Question

What is the shape of cuprammonium ions?
A.Octahedral
B.Tetrahedral
C.Trigonal
D.Square planar

Answer 1

Hint: Cuprammonium ion is a coordination complex that has copper (\[Cu\]) as a central metal atom and there are four amine groups attached as a ligand with the central metal atom. The central metal atom i.e. \[Cu\] is present in \[ + 2\] oxidation state. Also, copper is a d- block element.

Complete answer:
The IUPAC name of the coordination complex cuprammonium ion is tetraamminecopper (II) ion. Here copper (\[Cu\]) is present as a central metal atom and there are four amine groups attached as a ligand with the central metal atom. The oxidation state of copper (\[Cu\]) is \[ + 2\]
The chemical formula of cuprammonium ion is \[{[Cu{(N{H_3})_4}]^{2 + }}\]
Here, \[Cu\]is present in \[ + 2\] oxidation state i.e. \[C{u^{2 + }}\]. The atomic number of Copper (\[Cu\]) and its electronic configuration of \[Cu\] is \[[Ar]\,3{d^{10}}\,4{s^1}\]. When Copper (\[Cu\]) is in \[ + 2\] oxidation state, then its electronic configuration is \[[Ar]\,3{d^9}\,4{s^0}\]. The d- orbital has nine electrons out of which one electron gets transferred to p- orbital.
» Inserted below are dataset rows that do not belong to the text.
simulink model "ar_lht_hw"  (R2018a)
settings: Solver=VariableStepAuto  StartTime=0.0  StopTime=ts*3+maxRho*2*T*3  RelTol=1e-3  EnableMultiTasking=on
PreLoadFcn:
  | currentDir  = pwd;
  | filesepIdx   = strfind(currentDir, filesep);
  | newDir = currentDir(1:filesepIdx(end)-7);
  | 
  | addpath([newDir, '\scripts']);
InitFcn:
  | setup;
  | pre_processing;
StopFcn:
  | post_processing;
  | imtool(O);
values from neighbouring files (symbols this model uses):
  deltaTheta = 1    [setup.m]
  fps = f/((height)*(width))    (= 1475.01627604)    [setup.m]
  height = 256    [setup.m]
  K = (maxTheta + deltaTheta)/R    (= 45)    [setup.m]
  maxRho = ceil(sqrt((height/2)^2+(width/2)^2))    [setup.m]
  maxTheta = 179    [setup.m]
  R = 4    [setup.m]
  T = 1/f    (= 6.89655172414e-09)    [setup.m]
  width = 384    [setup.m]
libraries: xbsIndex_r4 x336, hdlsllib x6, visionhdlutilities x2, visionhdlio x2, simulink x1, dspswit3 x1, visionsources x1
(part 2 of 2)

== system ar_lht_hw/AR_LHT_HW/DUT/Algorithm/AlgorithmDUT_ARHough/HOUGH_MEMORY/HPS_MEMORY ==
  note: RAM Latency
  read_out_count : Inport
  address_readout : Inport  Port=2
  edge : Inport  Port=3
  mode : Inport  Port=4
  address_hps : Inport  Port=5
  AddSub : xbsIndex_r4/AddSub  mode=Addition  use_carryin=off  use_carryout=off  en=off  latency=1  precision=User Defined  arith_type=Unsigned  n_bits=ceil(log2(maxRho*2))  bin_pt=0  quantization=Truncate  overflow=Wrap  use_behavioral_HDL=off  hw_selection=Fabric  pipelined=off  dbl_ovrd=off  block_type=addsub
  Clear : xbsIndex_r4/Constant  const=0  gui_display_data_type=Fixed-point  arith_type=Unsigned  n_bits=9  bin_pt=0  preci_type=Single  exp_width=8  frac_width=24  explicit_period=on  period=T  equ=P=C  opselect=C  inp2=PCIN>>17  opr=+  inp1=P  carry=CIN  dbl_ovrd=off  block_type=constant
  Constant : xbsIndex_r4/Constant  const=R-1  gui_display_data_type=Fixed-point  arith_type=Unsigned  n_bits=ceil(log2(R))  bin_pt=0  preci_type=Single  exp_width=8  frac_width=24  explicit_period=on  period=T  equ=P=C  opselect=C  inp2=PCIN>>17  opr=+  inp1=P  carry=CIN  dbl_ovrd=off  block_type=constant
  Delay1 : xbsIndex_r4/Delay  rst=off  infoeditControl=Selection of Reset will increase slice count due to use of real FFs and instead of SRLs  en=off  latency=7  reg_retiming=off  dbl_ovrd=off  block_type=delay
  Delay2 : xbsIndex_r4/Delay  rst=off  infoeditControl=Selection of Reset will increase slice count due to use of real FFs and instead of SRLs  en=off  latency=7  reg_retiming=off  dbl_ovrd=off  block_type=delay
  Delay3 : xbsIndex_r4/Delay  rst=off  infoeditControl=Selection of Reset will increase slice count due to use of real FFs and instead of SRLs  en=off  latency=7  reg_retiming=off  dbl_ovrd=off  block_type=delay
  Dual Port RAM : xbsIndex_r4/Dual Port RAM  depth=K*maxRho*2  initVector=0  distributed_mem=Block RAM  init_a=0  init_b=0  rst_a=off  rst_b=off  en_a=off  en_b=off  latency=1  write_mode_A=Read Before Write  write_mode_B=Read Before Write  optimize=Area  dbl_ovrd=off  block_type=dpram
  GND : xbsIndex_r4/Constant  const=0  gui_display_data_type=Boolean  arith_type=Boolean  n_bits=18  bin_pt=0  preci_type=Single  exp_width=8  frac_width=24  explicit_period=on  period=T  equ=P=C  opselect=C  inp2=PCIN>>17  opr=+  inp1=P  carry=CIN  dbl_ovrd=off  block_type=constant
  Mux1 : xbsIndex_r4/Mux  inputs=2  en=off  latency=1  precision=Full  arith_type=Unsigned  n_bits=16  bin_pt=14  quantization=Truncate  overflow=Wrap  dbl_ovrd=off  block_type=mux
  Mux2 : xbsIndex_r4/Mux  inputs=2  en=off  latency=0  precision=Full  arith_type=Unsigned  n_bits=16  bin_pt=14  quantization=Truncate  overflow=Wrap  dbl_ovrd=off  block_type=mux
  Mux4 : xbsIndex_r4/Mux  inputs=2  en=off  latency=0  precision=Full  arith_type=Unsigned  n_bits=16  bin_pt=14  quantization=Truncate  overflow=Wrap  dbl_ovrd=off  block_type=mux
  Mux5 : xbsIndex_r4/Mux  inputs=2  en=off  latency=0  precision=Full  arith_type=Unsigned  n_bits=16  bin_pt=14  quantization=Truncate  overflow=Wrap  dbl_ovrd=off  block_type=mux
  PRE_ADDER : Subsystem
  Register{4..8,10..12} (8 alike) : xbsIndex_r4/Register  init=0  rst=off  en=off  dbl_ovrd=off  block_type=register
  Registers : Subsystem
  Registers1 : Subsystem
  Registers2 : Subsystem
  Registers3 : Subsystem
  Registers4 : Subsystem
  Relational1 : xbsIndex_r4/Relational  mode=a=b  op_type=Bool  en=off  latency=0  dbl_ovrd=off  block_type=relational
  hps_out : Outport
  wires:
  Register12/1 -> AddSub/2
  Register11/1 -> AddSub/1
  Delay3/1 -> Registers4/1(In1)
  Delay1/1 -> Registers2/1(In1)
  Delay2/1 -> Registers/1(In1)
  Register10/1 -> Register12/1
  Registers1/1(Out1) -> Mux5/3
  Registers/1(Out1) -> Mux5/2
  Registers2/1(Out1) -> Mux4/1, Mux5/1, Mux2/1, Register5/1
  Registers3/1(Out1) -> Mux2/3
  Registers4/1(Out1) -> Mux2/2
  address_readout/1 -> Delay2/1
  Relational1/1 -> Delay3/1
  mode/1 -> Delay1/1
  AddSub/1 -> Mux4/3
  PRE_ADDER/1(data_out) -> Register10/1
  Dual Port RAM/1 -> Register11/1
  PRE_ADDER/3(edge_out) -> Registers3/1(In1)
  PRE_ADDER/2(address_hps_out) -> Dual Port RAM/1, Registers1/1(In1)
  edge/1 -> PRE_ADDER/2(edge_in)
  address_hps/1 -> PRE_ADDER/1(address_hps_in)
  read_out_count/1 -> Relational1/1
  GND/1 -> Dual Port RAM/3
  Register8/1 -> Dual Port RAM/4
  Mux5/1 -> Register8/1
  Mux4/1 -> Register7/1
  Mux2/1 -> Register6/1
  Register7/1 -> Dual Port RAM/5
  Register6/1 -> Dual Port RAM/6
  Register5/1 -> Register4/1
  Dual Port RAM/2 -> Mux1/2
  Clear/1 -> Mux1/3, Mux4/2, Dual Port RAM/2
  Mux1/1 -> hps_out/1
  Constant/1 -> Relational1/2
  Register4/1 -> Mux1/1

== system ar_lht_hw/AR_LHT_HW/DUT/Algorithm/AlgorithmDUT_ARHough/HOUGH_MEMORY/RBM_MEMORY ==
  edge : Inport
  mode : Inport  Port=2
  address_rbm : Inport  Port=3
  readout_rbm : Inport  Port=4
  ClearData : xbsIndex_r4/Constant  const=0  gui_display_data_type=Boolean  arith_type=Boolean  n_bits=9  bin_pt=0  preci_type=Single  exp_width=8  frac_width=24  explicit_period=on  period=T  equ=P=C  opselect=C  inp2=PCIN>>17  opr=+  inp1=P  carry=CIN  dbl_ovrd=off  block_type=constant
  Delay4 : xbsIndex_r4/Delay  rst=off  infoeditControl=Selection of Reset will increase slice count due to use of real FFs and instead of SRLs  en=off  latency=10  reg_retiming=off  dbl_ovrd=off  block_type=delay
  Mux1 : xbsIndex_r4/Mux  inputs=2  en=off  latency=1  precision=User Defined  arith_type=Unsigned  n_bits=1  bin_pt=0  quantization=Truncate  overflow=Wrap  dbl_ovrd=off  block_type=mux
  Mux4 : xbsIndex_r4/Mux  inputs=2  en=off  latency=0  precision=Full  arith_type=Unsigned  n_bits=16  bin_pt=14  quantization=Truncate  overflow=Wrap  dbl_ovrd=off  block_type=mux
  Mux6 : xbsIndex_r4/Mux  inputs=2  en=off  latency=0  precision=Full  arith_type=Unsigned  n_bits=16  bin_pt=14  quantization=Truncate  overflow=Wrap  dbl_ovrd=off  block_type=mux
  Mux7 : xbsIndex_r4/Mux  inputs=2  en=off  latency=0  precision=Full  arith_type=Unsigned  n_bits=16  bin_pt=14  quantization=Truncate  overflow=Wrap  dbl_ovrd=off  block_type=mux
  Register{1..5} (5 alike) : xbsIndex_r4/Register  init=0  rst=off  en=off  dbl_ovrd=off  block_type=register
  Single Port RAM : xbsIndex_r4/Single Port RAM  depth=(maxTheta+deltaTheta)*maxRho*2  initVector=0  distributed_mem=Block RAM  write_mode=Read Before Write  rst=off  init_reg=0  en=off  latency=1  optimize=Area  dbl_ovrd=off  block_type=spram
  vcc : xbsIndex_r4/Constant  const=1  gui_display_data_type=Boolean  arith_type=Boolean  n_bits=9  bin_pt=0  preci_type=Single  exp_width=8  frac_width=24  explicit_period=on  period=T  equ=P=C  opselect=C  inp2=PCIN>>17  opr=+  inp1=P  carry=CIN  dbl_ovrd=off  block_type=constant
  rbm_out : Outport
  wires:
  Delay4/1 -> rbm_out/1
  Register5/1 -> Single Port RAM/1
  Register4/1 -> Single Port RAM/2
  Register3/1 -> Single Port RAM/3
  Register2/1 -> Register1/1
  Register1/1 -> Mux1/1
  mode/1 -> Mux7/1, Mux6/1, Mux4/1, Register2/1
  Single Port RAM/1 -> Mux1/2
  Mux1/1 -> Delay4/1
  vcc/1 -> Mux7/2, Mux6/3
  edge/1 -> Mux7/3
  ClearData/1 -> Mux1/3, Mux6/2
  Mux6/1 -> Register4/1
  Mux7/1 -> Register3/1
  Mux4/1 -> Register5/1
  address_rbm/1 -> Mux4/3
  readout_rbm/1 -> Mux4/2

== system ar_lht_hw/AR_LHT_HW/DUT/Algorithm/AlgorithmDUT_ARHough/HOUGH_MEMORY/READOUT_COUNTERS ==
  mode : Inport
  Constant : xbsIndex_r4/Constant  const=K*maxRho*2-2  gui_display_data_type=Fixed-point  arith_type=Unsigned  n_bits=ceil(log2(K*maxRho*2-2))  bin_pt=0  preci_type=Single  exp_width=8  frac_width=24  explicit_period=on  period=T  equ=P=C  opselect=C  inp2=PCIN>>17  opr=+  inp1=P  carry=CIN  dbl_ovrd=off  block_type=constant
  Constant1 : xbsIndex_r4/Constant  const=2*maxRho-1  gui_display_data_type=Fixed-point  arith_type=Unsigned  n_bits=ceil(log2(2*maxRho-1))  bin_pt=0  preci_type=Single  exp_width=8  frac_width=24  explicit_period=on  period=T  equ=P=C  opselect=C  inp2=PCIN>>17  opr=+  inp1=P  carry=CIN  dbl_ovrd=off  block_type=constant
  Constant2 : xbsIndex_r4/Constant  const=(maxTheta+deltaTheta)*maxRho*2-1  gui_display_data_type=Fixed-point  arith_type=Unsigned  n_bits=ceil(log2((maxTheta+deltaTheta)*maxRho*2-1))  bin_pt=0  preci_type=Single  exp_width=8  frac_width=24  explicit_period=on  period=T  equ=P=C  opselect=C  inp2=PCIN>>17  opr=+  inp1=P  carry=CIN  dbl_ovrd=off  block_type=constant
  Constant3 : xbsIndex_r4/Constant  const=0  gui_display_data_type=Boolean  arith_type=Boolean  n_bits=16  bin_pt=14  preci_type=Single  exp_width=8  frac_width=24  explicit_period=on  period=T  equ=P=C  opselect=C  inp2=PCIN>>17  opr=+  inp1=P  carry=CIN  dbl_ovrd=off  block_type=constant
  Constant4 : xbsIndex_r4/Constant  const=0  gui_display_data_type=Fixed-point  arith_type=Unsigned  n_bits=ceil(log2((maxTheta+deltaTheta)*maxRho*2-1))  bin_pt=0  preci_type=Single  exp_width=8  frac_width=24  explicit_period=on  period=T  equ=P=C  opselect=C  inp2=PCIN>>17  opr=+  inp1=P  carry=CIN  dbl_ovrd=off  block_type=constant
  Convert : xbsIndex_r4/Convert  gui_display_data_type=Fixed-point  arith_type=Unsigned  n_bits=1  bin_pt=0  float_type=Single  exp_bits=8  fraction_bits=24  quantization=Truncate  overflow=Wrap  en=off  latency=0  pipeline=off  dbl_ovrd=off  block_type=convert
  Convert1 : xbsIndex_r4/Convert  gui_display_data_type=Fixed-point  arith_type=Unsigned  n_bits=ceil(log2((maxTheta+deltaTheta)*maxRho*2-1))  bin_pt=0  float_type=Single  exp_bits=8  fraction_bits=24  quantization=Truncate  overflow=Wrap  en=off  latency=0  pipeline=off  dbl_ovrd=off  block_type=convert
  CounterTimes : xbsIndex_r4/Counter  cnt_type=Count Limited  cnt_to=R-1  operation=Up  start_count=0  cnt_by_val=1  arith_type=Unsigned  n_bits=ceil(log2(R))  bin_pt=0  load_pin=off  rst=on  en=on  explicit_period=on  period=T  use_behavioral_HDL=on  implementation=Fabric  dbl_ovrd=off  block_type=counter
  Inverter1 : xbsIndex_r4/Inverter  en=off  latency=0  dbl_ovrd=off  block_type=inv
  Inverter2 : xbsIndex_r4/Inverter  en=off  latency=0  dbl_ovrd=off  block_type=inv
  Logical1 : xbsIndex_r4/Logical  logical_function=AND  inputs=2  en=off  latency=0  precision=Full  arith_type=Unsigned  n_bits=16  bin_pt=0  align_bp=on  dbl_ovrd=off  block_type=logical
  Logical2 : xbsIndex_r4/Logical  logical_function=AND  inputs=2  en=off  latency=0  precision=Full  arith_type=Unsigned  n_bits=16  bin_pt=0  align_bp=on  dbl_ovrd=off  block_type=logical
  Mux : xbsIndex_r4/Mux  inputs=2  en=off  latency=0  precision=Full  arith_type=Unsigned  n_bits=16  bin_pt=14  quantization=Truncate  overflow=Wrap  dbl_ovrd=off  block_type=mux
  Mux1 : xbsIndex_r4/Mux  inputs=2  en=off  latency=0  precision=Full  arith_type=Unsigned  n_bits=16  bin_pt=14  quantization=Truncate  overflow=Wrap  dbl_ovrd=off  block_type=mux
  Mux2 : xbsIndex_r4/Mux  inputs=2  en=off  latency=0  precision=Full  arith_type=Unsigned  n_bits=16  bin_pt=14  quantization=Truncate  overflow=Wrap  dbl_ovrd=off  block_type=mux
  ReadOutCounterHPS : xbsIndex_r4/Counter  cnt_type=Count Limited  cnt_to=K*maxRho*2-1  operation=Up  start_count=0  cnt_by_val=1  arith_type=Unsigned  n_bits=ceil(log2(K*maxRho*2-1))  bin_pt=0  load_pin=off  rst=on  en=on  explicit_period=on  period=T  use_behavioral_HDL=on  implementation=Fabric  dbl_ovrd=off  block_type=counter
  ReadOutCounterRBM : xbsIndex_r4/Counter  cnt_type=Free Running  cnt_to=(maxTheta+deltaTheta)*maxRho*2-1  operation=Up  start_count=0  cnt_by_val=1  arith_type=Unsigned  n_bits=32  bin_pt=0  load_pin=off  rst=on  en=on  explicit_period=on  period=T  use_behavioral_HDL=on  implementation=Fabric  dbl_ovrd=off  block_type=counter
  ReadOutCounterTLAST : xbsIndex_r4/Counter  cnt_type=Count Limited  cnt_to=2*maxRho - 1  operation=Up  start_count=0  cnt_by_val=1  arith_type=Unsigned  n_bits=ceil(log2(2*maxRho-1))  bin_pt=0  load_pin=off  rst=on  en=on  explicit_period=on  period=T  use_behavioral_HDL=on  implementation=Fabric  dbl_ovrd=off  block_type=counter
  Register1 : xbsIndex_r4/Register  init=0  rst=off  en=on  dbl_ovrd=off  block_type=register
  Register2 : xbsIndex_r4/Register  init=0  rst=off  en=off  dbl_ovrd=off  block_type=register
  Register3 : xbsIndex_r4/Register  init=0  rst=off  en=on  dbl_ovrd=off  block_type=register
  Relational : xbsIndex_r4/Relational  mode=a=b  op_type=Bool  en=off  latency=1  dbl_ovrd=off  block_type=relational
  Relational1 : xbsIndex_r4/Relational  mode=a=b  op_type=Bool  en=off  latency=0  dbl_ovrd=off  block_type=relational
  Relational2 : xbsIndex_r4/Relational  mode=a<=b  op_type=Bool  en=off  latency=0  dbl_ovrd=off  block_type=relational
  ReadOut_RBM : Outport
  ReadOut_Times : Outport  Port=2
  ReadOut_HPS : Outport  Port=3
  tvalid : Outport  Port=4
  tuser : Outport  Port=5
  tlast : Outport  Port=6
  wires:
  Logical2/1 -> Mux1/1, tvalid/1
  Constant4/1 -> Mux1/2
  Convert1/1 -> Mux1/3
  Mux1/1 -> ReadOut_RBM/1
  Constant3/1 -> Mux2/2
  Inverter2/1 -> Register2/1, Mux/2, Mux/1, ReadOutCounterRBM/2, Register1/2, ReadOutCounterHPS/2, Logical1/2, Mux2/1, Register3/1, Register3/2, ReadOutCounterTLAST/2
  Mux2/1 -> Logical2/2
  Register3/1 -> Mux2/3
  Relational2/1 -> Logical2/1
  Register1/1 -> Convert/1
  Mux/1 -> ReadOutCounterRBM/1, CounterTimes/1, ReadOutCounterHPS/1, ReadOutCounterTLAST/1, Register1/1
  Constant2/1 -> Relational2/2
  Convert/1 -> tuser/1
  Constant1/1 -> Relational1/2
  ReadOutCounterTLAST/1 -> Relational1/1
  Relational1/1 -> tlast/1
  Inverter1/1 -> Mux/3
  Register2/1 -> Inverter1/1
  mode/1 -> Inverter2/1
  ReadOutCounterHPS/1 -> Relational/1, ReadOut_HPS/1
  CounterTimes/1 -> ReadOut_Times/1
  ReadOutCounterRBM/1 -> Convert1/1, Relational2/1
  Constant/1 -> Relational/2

This is referred to as ‘\[d\]’ to ‘\[p\]’ transference.
\[\boxed{ \uparrow \downarrow }\boxed{ \uparrow \downarrow }\boxed{ \uparrow \downarrow }\boxed{ \uparrow \downarrow }\boxed \uparrow \,\,\,\,\,\,\,\boxed{}\,\,\,\,\,\,\boxed{}\boxed{}\boxed{}\]
\[\,\,\,\,\,\,\,\,\,\,3d\,\,\,\,\,\,\,\,\,\,\,\,\,\,\,\,\,\,\,\,\,\,\,\,\,\,\,\,\,\,\,4s\,\,\,\,\,\,\,\,\,\,\,4p\]
The unpaired electron in d- orbital is transferred to p- orbital
\[\boxed{ \uparrow \downarrow }\boxed{ \uparrow \downarrow }\boxed{ \uparrow \downarrow }\boxed{ \uparrow \downarrow }\boxed{}\,\,\,\,\,\,\,\boxed{}\,\,\,\,\,\,\boxed{}\boxed{}\boxed \uparrow \]
\[\,\,\,\,\,\,\,\,\,\,3d\,\,\,\,\,\,\,\,\,\,\,\,\,\,\,\,\,\,\,\,\,\,\,\,\,\,\,\,\,\,\,4s\,\,\,\,\,\,\,\,\,\,\,4p\]
Since, \[N{H_3}\] is a strong field ligand hence, here hybridization will be \[ds{p^2}\]which indicates that the structure of the compound will be square planar.
Hence, the shape of the cuprammonium ion \[{[Cu{(N{H_3})_4}]^{2 + }}\] is Square Planar.
Hence, the correct answer is an option (D).

Note:
However, \[C{u^{2 + }}\] usually adopts a distorted octahedral geometry. This distortion is due to the Jahn- Teller distortion. All the cupric complexes irrespective of the kind of ligands are always \[ds{p^2}\] square planar hybridization. Remember, copper is a d- block metal which is also known as a transition metal. Transition metal shows a magnetic moment due to the presence of unpaired electrons in d- orbitals. If there are no unpaired electrons, then it is diamagnetic in nature.